§ Exercise brief
Pictures aside, the data must be reproduced exactly.

§ Records shown
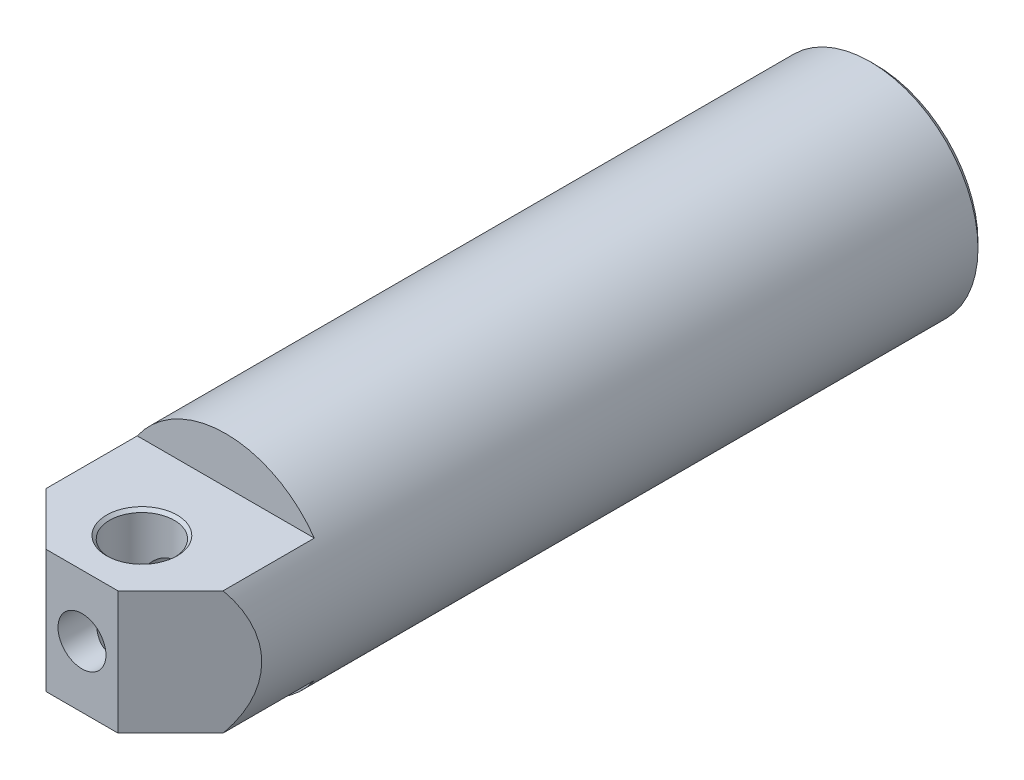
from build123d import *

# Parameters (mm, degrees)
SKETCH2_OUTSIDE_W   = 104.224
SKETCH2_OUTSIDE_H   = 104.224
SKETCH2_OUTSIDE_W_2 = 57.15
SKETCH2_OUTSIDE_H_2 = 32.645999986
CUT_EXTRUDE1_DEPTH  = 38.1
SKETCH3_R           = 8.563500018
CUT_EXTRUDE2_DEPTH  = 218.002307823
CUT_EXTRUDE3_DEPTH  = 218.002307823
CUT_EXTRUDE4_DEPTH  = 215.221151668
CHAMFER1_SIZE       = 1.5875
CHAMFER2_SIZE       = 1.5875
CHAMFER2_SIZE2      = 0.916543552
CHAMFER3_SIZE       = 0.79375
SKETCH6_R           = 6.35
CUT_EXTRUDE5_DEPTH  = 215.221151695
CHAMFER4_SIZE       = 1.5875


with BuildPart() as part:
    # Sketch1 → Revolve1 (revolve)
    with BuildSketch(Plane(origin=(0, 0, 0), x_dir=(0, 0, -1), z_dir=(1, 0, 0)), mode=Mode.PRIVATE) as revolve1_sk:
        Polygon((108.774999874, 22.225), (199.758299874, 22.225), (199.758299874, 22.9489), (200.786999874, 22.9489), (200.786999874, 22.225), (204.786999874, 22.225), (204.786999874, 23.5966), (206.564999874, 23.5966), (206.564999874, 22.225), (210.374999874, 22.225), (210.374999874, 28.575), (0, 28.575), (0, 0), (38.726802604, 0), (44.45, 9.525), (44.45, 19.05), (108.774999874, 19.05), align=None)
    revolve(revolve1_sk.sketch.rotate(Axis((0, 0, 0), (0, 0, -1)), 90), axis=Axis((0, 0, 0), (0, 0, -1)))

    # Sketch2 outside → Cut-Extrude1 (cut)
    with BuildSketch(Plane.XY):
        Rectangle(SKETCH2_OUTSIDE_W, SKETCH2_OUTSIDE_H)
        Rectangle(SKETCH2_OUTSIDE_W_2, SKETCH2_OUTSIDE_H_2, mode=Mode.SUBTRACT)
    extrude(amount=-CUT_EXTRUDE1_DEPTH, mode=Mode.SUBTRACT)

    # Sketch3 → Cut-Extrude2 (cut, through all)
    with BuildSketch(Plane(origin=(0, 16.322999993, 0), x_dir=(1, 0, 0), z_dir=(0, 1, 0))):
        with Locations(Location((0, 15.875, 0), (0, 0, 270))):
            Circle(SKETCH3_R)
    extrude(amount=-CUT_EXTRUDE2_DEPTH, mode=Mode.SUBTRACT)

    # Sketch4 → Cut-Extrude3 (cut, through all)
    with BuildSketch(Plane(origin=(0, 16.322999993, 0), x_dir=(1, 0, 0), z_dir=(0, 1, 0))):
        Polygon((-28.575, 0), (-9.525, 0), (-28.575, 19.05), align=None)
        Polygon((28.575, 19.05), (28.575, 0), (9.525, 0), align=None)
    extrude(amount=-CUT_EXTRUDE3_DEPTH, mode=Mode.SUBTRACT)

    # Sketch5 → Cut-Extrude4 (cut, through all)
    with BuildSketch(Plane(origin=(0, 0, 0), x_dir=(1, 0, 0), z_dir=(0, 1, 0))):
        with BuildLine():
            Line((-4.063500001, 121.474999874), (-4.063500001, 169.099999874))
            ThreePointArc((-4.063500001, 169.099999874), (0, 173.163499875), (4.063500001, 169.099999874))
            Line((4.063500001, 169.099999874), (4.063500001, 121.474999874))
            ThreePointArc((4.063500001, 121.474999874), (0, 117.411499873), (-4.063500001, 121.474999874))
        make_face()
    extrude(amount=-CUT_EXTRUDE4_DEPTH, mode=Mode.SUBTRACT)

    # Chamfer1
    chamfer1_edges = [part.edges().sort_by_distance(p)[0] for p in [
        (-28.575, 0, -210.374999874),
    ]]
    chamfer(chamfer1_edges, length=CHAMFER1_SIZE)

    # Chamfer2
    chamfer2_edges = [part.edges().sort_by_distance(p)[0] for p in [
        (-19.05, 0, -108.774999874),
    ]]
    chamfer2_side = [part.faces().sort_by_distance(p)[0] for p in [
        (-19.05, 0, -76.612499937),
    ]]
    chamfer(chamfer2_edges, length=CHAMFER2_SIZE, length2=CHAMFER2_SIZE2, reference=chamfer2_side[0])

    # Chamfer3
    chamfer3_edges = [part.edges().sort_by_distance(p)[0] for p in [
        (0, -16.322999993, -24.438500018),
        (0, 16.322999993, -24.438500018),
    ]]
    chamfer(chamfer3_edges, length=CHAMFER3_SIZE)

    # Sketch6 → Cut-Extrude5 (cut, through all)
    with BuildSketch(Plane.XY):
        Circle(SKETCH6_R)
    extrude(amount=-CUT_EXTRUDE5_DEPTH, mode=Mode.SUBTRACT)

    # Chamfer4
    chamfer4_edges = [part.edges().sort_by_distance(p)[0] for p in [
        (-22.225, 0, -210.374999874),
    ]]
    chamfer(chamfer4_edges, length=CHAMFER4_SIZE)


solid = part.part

§ Answer to this problem
from build123d import *

# Parameters (mm, degrees)
SKETCH2_OUTSIDE_W   = 104.224
SKETCH2_OUTSIDE_H   = 104.224
SKETCH2_OUTSIDE_W_2 = 57.15
SKETCH2_OUTSIDE_H_2 = 32.645999986
CUT_EXTRUDE1_DEPTH  = 38.1
SKETCH3_R           = 8.563500018
CUT_EXTRUDE2_DEPTH  = 218.002307823
CUT_EXTRUDE3_DEPTH  = 218.002307823
CUT_EXTRUDE4_DEPTH  = 215.221151668
CHAMFER1_SIZE       = 1.5875
CHAMFER2_SIZE       = 1.5875
CHAMFER2_SIZE2      = 0.916543552
CHAMFER3_SIZE       = 0.79375
SKETCH6_R           = 6.35
CUT_EXTRUDE5_DEPTH  = 215.221151695
CHAMFER4_SIZE       = 1.5875


with BuildPart() as part:
    # Sketch1 → Revolve1 (revolve)
    with BuildSketch(Plane(origin=(0, 0, 0), x_dir=(0, 0, -1), z_dir=(1, 0, 0)), mode=Mode.PRIVATE) as revolve1_sk:
        Polygon((108.774999874, 22.225), (199.758299874, 22.225), (199.758299874, 22.9489), (200.786999874, 22.9489), (200.786999874, 22.225), (204.786999874, 22.225), (204.786999874, 23.5966), (206.564999874, 23.5966), (206.564999874, 22.225), (210.374999874, 22.225), (210.374999874, 28.575), (0, 28.575), (0, 0), (38.726802604, 0), (44.45, 9.525), (44.45, 19.05), (108.774999874, 19.05), align=None)
    revolve(revolve1_sk.sketch.rotate(Axis((0, 0, 0), (0, 0, -1)), 90), axis=Axis((0, 0, 0), (0, 0, -1)))

    # Sketch2 outside → Cut-Extrude1 (cut)
    with BuildSketch(Plane.XY):
        Rectangle(SKETCH2_OUTSIDE_W, SKETCH2_OUTSIDE_H)
        Rectangle(SKETCH2_OUTSIDE_W_2, SKETCH2_OUTSIDE_H_2, mode=Mode.SUBTRACT)
    extrude(amount=-CUT_EXTRUDE1_DEPTH, mode=Mode.SUBTRACT)

    # Sketch3 → Cut-Extrude2 (cut, through all)
    with BuildSketch(Plane(origin=(0, 16.322999993, 0), x_dir=(1, 0, 0), z_dir=(0, 1, 0))):
        with Locations(Location((0, 15.875, 0), (0, 0, 270))):
            Circle(SKETCH3_R)
    extrude(amount=-CUT_EXTRUDE2_DEPTH, mode=Mode.SUBTRACT)

    # Sketch4 → Cut-Extrude3 (cut, through all)
    with BuildSketch(Plane(origin=(0, 16.322999993, 0), x_dir=(1, 0, 0), z_dir=(0, 1, 0))):
        Polygon((-28.575, 0), (-9.525, 0), (-28.575, 19.05), align=None)
        Polygon((28.575, 19.05), (28.575, 0), (9.525, 0), align=None)
    extrude(amount=-CUT_EXTRUDE3_DEPTH, mode=Mode.SUBTRACT)

    # Sketch5 → Cut-Extrude4 (cut, through all)
    with BuildSketch(Plane(origin=(0, 0, 0), x_dir=(1, 0, 0), z_dir=(0, 1, 0))):
        with BuildLine():
            Line((-4.063500001, 121.474999874), (-4.063500001, 169.099999874))
            ThreePointArc((-4.063500001, 169.099999874), (0, 173.163499875), (4.063500001, 169.099999874))
            Line((4.063500001, 169.099999874), (4.063500001, 121.474999874))
            ThreePointArc((4.063500001, 121.474999874), (0, 117.411499873), (-4.063500001, 121.474999874))
        make_face()
    extrude(amount=-CUT_EXTRUDE4_DEPTH, mode=Mode.SUBTRACT)

    # Chamfer1
    chamfer1_edges = [part.edges().sort_by_distance(p)[0] for p in [
        (-28.575, 0, -210.374999874),
    ]]
    chamfer(chamfer1_edges, length=CHAMFER1_SIZE)

    # Chamfer2
    chamfer2_edges = [part.edges().sort_by_distance(p)[0] for p in [
        (-19.05, 0, -108.774999874),
    ]]
    chamfer2_side = [part.faces().sort_by_distance(p)[0] for p in [
        (-19.05, 0, -76.612499937),
    ]]
    chamfer(chamfer2_edges, length=CHAMFER2_SIZE, length2=CHAMFER2_SIZE2, reference=chamfer2_side[0])

    # Chamfer3
    chamfer3_edges = [part.edges().sort_by_distance(p)[0] for p in [
        (0, -16.322999993, -24.438500018),
        (0, 16.322999993, -24.438500018),
    ]]
    chamfer(chamfer3_edges, length=CHAMFER3_SIZE)

    # Sketch6 → Cut-Extrude5 (cut, through all)
    with BuildSketch(Plane.XY):
        Circle(SKETCH6_R)
    extrude(amount=-CUT_EXTRUDE5_DEPTH, mode=Mode.SUBTRACT)

    # Chamfer4
    chamfer4_edges = [part.edges().sort_by_distance(p)[0] for p in [
        (-22.225, 0, -210.374999874),
    ]]
    chamfer(chamfer4_edges, length=CHAMFER4_SIZE)


solid = part.part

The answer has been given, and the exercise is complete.